Change 938228 had a related patch set uploaded (by Filippo Giunchedi; author: Filippo Giunchedi):

[operations/puppet@production] udp2log: run mw-log-cleanup after logrotate

https://gerrit.wikimedia.org/r/938228

Change 938228 merged by Filippo Giunchedi:

[operations/puppet@production] udp2log: run mw-log-cleanup after logrotate

https://gerrit.wikimedia.org/r/938228

fgiunchedi claimed this task.

This is working as expected (i.e. mw-log-cleanup waits for logrotate to be done, if it is running)
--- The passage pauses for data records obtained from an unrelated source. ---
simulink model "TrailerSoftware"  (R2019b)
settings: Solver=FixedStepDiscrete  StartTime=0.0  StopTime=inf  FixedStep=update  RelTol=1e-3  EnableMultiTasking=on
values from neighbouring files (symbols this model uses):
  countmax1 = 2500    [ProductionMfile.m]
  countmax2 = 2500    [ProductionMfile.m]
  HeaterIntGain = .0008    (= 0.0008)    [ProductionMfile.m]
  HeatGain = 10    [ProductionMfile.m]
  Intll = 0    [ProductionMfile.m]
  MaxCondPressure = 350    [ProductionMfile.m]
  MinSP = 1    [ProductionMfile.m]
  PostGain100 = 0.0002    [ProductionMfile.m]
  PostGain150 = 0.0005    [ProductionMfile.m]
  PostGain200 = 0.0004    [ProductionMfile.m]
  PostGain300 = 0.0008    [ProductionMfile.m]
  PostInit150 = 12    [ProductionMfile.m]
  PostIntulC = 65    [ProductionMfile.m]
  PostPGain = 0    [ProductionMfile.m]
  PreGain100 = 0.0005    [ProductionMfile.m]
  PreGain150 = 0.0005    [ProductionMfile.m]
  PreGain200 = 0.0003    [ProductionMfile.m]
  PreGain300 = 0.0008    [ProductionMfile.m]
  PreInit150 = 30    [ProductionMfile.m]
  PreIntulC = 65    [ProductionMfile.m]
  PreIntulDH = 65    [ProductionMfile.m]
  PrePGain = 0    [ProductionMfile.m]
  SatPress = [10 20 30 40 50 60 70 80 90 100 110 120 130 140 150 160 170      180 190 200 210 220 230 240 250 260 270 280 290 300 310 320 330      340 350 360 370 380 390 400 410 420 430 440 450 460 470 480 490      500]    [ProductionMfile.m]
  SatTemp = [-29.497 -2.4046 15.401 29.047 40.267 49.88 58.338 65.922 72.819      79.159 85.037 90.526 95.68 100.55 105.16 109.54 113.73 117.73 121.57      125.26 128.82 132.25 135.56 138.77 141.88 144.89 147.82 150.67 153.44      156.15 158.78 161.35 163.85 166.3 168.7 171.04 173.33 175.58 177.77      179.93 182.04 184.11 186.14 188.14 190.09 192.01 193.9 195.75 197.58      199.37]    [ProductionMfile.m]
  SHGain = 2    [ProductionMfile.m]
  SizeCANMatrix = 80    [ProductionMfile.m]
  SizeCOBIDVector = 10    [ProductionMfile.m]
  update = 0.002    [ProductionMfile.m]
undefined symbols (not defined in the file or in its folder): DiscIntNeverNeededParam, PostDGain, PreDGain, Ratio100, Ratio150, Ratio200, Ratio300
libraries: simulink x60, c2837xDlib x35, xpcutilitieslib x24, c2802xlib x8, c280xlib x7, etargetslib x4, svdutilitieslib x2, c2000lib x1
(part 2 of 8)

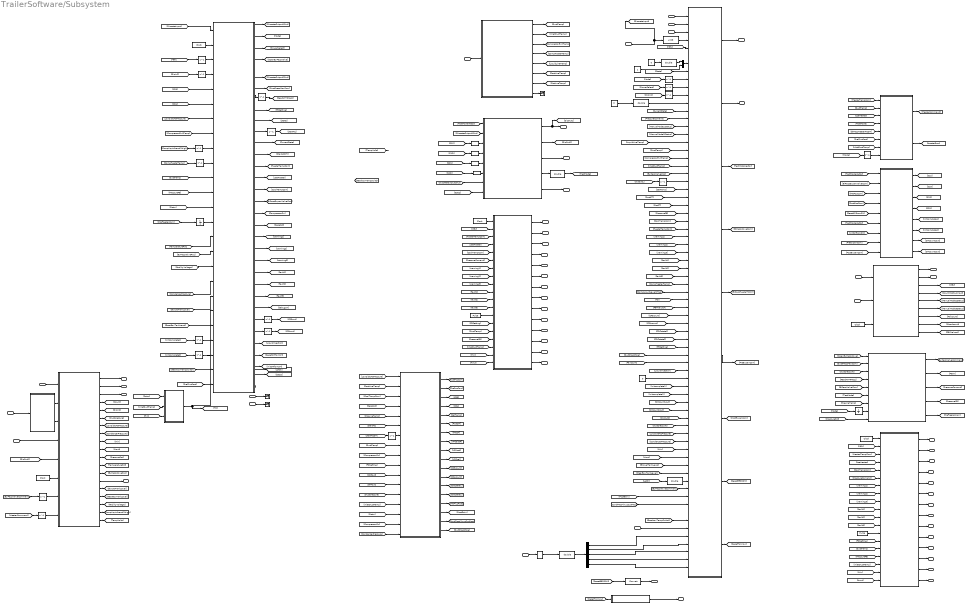
== system TrailerSoftware/Subsystem ==
  UDP Input Vector : Inport  OutDataTypeStr=uint8  PortDimensions=SizeUDPInput  SampleTime=update  LockScale=on
  A/D Vector : Inport  Port=2  PortDimensions=ADInputSize  SampleTime=update
  Discrete Input Word : Inport  Port=3  OutDataTypeStr=boolean  PortDimensions=DiscreteInputSize  SampleTime=update
  Modbus Input Vector : Inport  Port=4  OutDataTypeStr=uint8  PortDimensions=ModbusInputSize  SampleTime=update
  Modbus Input Ready : Inport  Port=5  OutDataTypeStr=uint8  PortDimensions=1  SampleTime=update
  UDP Input Ready : Inport  Port=6  OutDataTypeStr=boolean  PortDimensions=1  SampleTime=update
  CPUUtilizationsec : Inport  Port=7  OutDataTypeStr=double  PortDimensions=1  SampleTime=update
  EEPROM Input Vector : Inport  Port=8  OutDataTypeStr=single  PortDimensions=EEPROMSize  SampleTime=update
  New CAN Message : Inport  Port=9  OutDataTypeStr=uint8  SampleTime=update
  CAN Message Matrix : Inport  Port=10  OutDataTypeStr=uint8  PortDimensions=[1 SizeCANMatrix]  SampleTime=update
  CAN COBID Vector : Inport  Port=11  OutDataTypeStr=uint32  PortDimensions=[1 SizeCOBIDVector]  SampleTime=update
  RTD1 : Inport  Port=12  OutDataTypeStr=uint16  PortDimensions=1  SampleTime=update
  RTD2 : Inport  Port=13  OutDataTypeStr=uint16  PortDimensions=1  SampleTime=update
  WatchDogReset : Inport  Port=14  OutDataTypeStr=uint8  PortDimensions=1  SampleTime=update
  RomTestFailed : Inport  Port=15  OutDataTypeStr=uint8  PortDimensions=1  SampleTime=update
  CAN Process : MATLAB Function  TreatAsAtomicUnit=on
  Constant1 : Constant
  Constant2 : Constant  Value=0
  Constant4 : Constant  Value=0
  Constant9 : Constant  Value=0
  Data Type Conversion{1,8,10,12..13} (5 alike) : DataTypeConversion
  Data Type Conversion{2..3,6..7,9} (5 alike) : DataTypeConversion  OutDataTypeStr=double
  Data Type Conversion4 : DataTypeConversion  OutDataTypeStr=uint8
  Delay{,1..8,11..19} (18 alike) : Delay  DelayLength=1  InitialCondition=0
  Demux : Demux  Outputs=5
  Dew Point Temp : MATLAB Function  TreatAsAtomicUnit=on
  Digital Clock{,1..4} (5 alike) : DigitalClock  SampleTime=update
  Display : MATLAB Function  TreatAsAtomicUnit=on
  Display1 : MATLAB Function  TreatAsAtomicUnit=on
  Duct Pressure Control : Subsystem
  Heating : Subsystem
  MATLAB Function : MATLAB Function  TreatAsAtomicUnit=on
  Modbus Routine : MATLAB Function  TreatAsAtomicUnit=on
  Mux : Mux  Inputs=2
  Output Discrete : Subsystem
  Pulse Generator1 : DiscretePulseGenerator  Period=250  SampleTime=update
  Pulse Generator2 : DiscretePulseGenerator  Period=250  SampleTime=update
  Selector : Selector  InputPortWidth=32  IndexOptions=Index vector (dialog)  Indices=[28 29 30 31 32 ]  OutputSizes=1
  State Machine : MATLAB Function  TreatAsAtomicUnit=on
  Stepper Motor Reoutine : Subsystem
  Super Heat Control : Subsystem
  Temperature Vector : Subsystem
  Terminator3 : Terminator
  Terminator5 : Terminator
  Terminator6 : Terminator
  UDP Processing : Subsystem
  Unit Delay1 : UnitDelay  SampleTime=-1  HasFrameUpgradeWarning=on
  Unit Delay2 : UnitDelay  SampleTime=-1  HasFrameUpgradeWarning=on
  Unpack Data : Subsystem
  UDP Output Vector : Outport  OutDataTypeStr=uint8  PortDimensions=SizeUDPOutput  VectorParamsAs1DForOutWhenUnconnected=off  LockScale=on
  "Discrete Output Vector " : Outport  Port=2  OutDataTypeStr=uint8  PortDimensions=DiscreteOutputSize  SampleTime=update  VectorParamsAs1DForOutWhenUnconnected=off
  Modbus Output Vector : Outport  Port=3  OutDataTypeStr=uint8  PortDimensions=SizeModbusOutput  VectorParamsAs1DForOutWhenUnconnected=off  LockScale=on
  "HC Discrete Output Vector " : Outport  Port=4  OutDataTypeStr=uint8  PortDimensions=HCDiscreteOutputSize  SampleTime=update  VectorParamsAs1DForOutWhenUnconnected=off  LockScale=on
  Modbus Output Ready : Outport  Port=5  OutDataTypeStr=uint8  PortDimensions=1  SampleTime=update  VectorParamsAs1DForOutWhenUnconnected=off  LockScale=on
  UDP Output Ready : Outport  Port=6  OutDataTypeStr=uint8  SampleTime=update  VectorParamsAs1DForOutWhenUnconnected=off  LockScale=on
  Display Row 1 Char Array : Outport  Port=7  OutDataTypeStr=uint8  PortDimensions=SizeDisplayRow  SampleTime=update  VectorParamsAs1DForOutWhenUnconnected=off  LockScale=on
  Display Row 2 Char Array : Outport  Port=8  OutDataTypeStr=uint8  PortDimensions=SizeDisplayRow  SampleTime=update  VectorParamsAs1DForOutWhenUnconnected=off  LockScale=on
  Start Row 1 : Outport  Port=9  OutDataTypeStr=uint8  SampleTime=update  VectorParamsAs1DForOutWhenUnconnected=off  LockScale=on
  Start Row 2 : Outport  Port=10  OutDataTypeStr=uint8  SampleTime=update  VectorParamsAs1DForOutWhenUnconnected=off  LockScale=on
  Num Char Row 1 : Outport  Port=11  OutDataTypeStr=uint8  SampleTime=update  VectorParamsAs1DForOutWhenUnconnected=off  LockScale=on
  Num Char Row 2 : Outport  Port=12  OutDataTypeStr=uint8  SampleTime=update  VectorParamsAs1DForOutWhenUnconnected=off  LockScale=on
  Clear Display : Outport  Port=13  OutDataTypeStr=uint8  SampleTime=update  VectorParamsAs1DForOutWhenUnconnected=off  LockScale=on
  Display Data Available : Outport  Port=14  OutDataTypeStr=uint8  SampleTime=update  VectorParamsAs1DForOutWhenUnconnected=off  LockScale=on
  EEPROM Output Vector : Outport  Port=15  OutDataTypeStr=single  PortDimensions=EEPROMSize  SampleTime=update  VectorParamsAs1DForOutWhenUnconnected=off
  EEPROM Output Flag : Outport  Port=16  OutDataTypeStr=boolean  SampleTime=update  VectorParamsAs1DForOutWhenUnconnected=off
  Send CAN Message : Outport  Port=17  OutDataTypeStr=uint8  SampleTime=update  VectorParamsAs1DForOutWhenUnconnected=off
  CAN Data : Outport  Port=18  OutDataTypeStr=uint8  PortDimensions=SizeCANDataOut  SampleTime=update  VectorParamsAs1DForOutWhenUnconnected=off
  COBID : Outport  Port=19  OutDataTypeStr=uint32  SampleTime=update  VectorParamsAs1DForOutWhenUnconnected=off
  Number of bytes : Outport  Port=20  OutDataTypeStr=uint8  SampleTime=update  VectorParamsAs1DForOutWhenUnconnected=off
  Num Char Row 3 : Outport  Port=21  OutDataTypeStr=uint8  SampleTime=update  VectorParamsAs1DForOutWhenUnconnected=off  LockScale=on
  Num Char Row 4 : Outport  Port=22  OutDataTypeStr=uint8  SampleTime=update  VectorParamsAs1DForOutWhenUnconnected=off  LockScale=on
  Start Row 3 : Outport  Port=23  OutDataTypeStr=uint8  SampleTime=update  VectorParamsAs1DForOutWhenUnconnected=off  LockScale=on
  Start Row 4 : Outport  Port=24  OutDataTypeStr=uint8  SampleTime=update  VectorParamsAs1DForOutWhenUnconnected=off  LockScale=on
  Display Row 3 Char Array : Outport  Port=25  OutDataTypeStr=uint8  PortDimensions=SizeDisplayRow  SampleTime=update  VectorParamsAs1DForOutWhenUnconnected=off  LockScale=on
  Display Row 4 Char Array : Outport  Port=26  OutDataTypeStr=uint8  PortDimensions=SizeDisplayRow  SampleTime=update  VectorParamsAs1DForOutWhenUnconnected=off  LockScale=on
  Low Volt Discrete Output : Outport  Port=27  OutDataTypeStr=uint8  PortDimensions=SizeLowVoltDiscreteOutput  SampleTime=update  VectorParamsAs1DForOutWhenUnconnected=off
  Display Row 1 Char Array1 : Outport  Port=28  OutDataTypeStr=uint8  PortDimensions=SizeDisplayRow  SampleTime=update  VectorParamsAs1DForOutWhenUnconnected=off  LockScale=on
  Display Row 2 Char Array1 : Outport  Port=29  OutDataTypeStr=uint8  PortDimensions=SizeDisplayRow  SampleTime=update  VectorParamsAs1DForOutWhenUnconnected=off  LockScale=on
  Start Row 5 : Outport  Port=30  OutDataTypeStr=uint8  SampleTime=update  VectorParamsAs1DForOutWhenUnconnected=off  LockScale=on
  Start Row 6 : Outport  Port=31  OutDataTypeStr=uint8  SampleTime=update  VectorParamsAs1DForOutWhenUnconnected=off  LockScale=on
  Num Char Row 5 : Outport  Port=32  OutDataTypeStr=uint8  SampleTime=update  VectorParamsAs1DForOutWhenUnconnected=off  LockScale=on
  Num Char Row 6 : Outport  Port=33  OutDataTypeStr=uint8  SampleTime=update  VectorParamsAs1DForOutWhenUnconnected=off  LockScale=on
  Clear Display1 : Outport  Port=34  OutDataTypeStr=uint8  SampleTime=update  VectorParamsAs1DForOutWhenUnconnected=off  LockScale=on
  Display Data Available1 : Outport  Port=35  OutDataTypeStr=uint8  SampleTime=update  VectorParamsAs1DForOutWhenUnconnected=off  LockScale=on
  Num Char Row 7 : Outport  Port=36  OutDataTypeStr=uint8  SampleTime=update  VectorParamsAs1DForOutWhenUnconnected=off  LockScale=on
  Num Char Row 8 : Outport  Port=37  OutDataTypeStr=uint8  SampleTime=update  VectorParamsAs1DForOutWhenUnconnected=off  LockScale=on
  Start Row 7 : Outport  Port=38  OutDataTypeStr=uint8  SampleTime=update  VectorParamsAs1DForOutWhenUnconnected=off  LockScale=on
  Start Row 8 : Outport  Port=39  OutDataTypeStr=uint8  SampleTime=update  VectorParamsAs1DForOutWhenUnconnected=off  LockScale=on
  Display Row 3 Char Array1 : Outport  Port=40  OutDataTypeStr=uint8  PortDimensions=SizeDisplayRow  SampleTime=update  VectorParamsAs1DForOutWhenUnconnected=off  LockScale=on
  Display Row 4 Char Array1 : Outport  Port=41  OutDataTypeStr=uint8  PortDimensions=SizeDisplayRow  SampleTime=update  VectorParamsAs1DForOutWhenUnconnected=off  LockScale=on
  wires:
  [GearboxTempSwitch] -> UDP Processing/65(GearBoxTemp)
  Modbus Routine/5(ManualMode2StatusOut) -> [ManualMode2Status]
  Output Discrete/1("Discrete Output Vector 1 ") -> [DisOut1], "Discrete Output Vector "/1
  Heating/2(Heater Error) -> [HeaterError]
  Temperature Vector/1(Outlet Duct Temperature) -> [DuctTemp]
  [CompHeaterTemp] -> UDP Processing/35(HeaterTemp)  "36"
  [ResetToKnow] -> MATLAB Function/1(settoknown)
  Super Heat Control/14(CDCstate2) -> [CDCstate2]
  Output Discrete/5(Low Volt Discrete Output) -> Low Volt Discrete Output/1
  ? -> [GearboxTempSwitch]
  UDP Processing/8(Reset EEPROM) -> [ResetEEPROM]
  Super Heat Control/16(PostGain) -> [PostGain]
  Delay19/1 -> Heating/8(Tmode1)
  [PressureFB] -> State Machine/12(PressureFB)
  UDP Processing/9(Reset to Known) -> [ResetToKnow]
  State Machine/30(InitSM) -> [InitSMfromSM]
  [CompressorExitTemp] -> State Machine/8(CompExitTemp)
  [CondenserPressure] -> UDP Processing/55(Condensor Pressure)  "56"
  Temperature Vector/3(Compressor Exit Temperature) -> [CompressorExitTemp]
  [Initcomplete1] -> UDP Processing/48(Init1complete)  "49"
  RTD1/1 -> Terminator5/1
  Delay18/1 -> State Machine/22(Initcomplete2)
  MATLAB Function/1(y) -> EEPROM Output Vector/1
  [BlowerTankLevel] -> UDP Processing/58(BlowerTankLevel)  "59"
  [FRSetting] -> Super Heat Control/10(FR)
  Delay12/1 -> [CR4out]
  [Mode] -> Delay19/1
  [LowSideACPressure] -> State Machine/7(SuctionPressure)
  [CoolTempCom] -> Display/5(CoolTempCom)
  [Patm] -> State Machine/13(Patm)
  UDP Processing/2(UDP Output Ready) -> UDP Output Ready/1
  [PrePlusPost] -> State Machine/25(PrePlusPost)
  State Machine/31(Latch) -> [Latch]
  Data Type Conversion12/1 -> Output Discrete/5(Post Step)
  [TestMode] -> Duct Pressure Control/6(TestMode)
  Data Type Conversion9/1 -> Demux/1
  [PressureFB] -> UDP Processing/26(Pressure FB)  "26"
  [TempVolts] -> ?
  Duct Pressure Control/5(PreFreezeWarn) -> [PreFreezeWarn]
  Duct Pressure Control/2(Ambient Pressure) -> [Patm]
  Data Type Conversion6/1 -> UDP Processing/12(Debug)
  State Machine/21(warning3) -> [warning3]
  [DuctPressPsig] -> UDP Processing/44(GoodCount)  "45"
  [InletDuctTemp] -> Heating/7(Tamb)
  State Machine/7(ReadATMPress) -> Delay2/1
  CAN Process/7(LowSideACPressureOut) -> [LowSideACPressure]
  [CR4] -> State Machine/6(CR4)
  CAN Process/2(CANData) -> CAN Data/1
  Temperature Vector/7(Pre Line Temperature) -> [PreLineTemp]
  [InletDuctTemp] -> Dew Point Temp/2(Tinlet)
  [PressurePot] -> Duct Pressure Control/9(Pressure Pot)
  [DuctTemp] -> Super Heat Control/8(DuctTemp)
  RTD2/1 -> Terminator6/1
  [Hin] -> Dew Point Temp/3(Rh)
  Constant2/1 -> Data Type Conversion6/1
  [PostGain] -> UDP Processing/62(Heater Error)
  [CR4out] -> Super Heat Control/12(CR4out)
  [CompressorOn] -> Super Heat Control/16(CoolingMode)
  Data Type Conversion7/1 -> UDP Processing/60(Latch)
  State Machine/10(StartAC) -> Delay4/1
  Super Heat Control/13(CDCstate1) -> [CDCstate1]
  [Initcomplete1] -> Delay17/1
  [estop] -> Output Discrete/8(estop)
  [warning2] -> UDP Processing/30(warning2)  "30"
  [StartACDH] -> Delay8/1
  [PostST] -> UDP Processing/24(PostST)  "24"
  [warning3] -> UDP Processing/31(warning3)  "31"
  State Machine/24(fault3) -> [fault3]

Jul 18 00:00:06 mwlog2002 systemd[1]: Starting Rotate log files...
Jul 18 03:06:55 mwlog2002 systemd[1]: logrotate.service: Succeeded.
Jul 18 03:06:55 mwlog2002 systemd[1]: Finished Rotate log files.
Jul 18 03:06:55 mwlog2002 systemd[1]: logrotate.service: Consumed 2h 45min 24.592s CPU time.
Jul 18 03:06:55 mwlog2002 systemd[1]: Starting Rotate log files...
Jul 18 03:13:32 mwlog2002 systemd[1]: logrotate.service: Succeeded.
Jul 18 03:13:32 mwlog2002 systemd[1]: Finished Rotate log files.
Jul 18 03:13:32 mwlog2002 systemd[1]: logrotate.service: Consumed 6min 7.209s CPU time.
Jul 18 03:13:32 mwlog2002 systemd[1]: Starting cleanup mediawiki logs...
Jul 18 03:13:36 mwlog2002 systemd[1]: mw-log-cleanup.service: Succeeded.
Jul 18 03:13:36 mwlog2002 systemd[1]: Finished cleanup mediawiki logs.
lmata triaged this task as Medium priority.Jul 18 2023, 5:35 PM
lmata moved this task from Inbox to Prioritized on the Observability-Logging board.
lmata moved this task from Inbox to Done on the SRE Observability (FY2023/2024-Q1) board.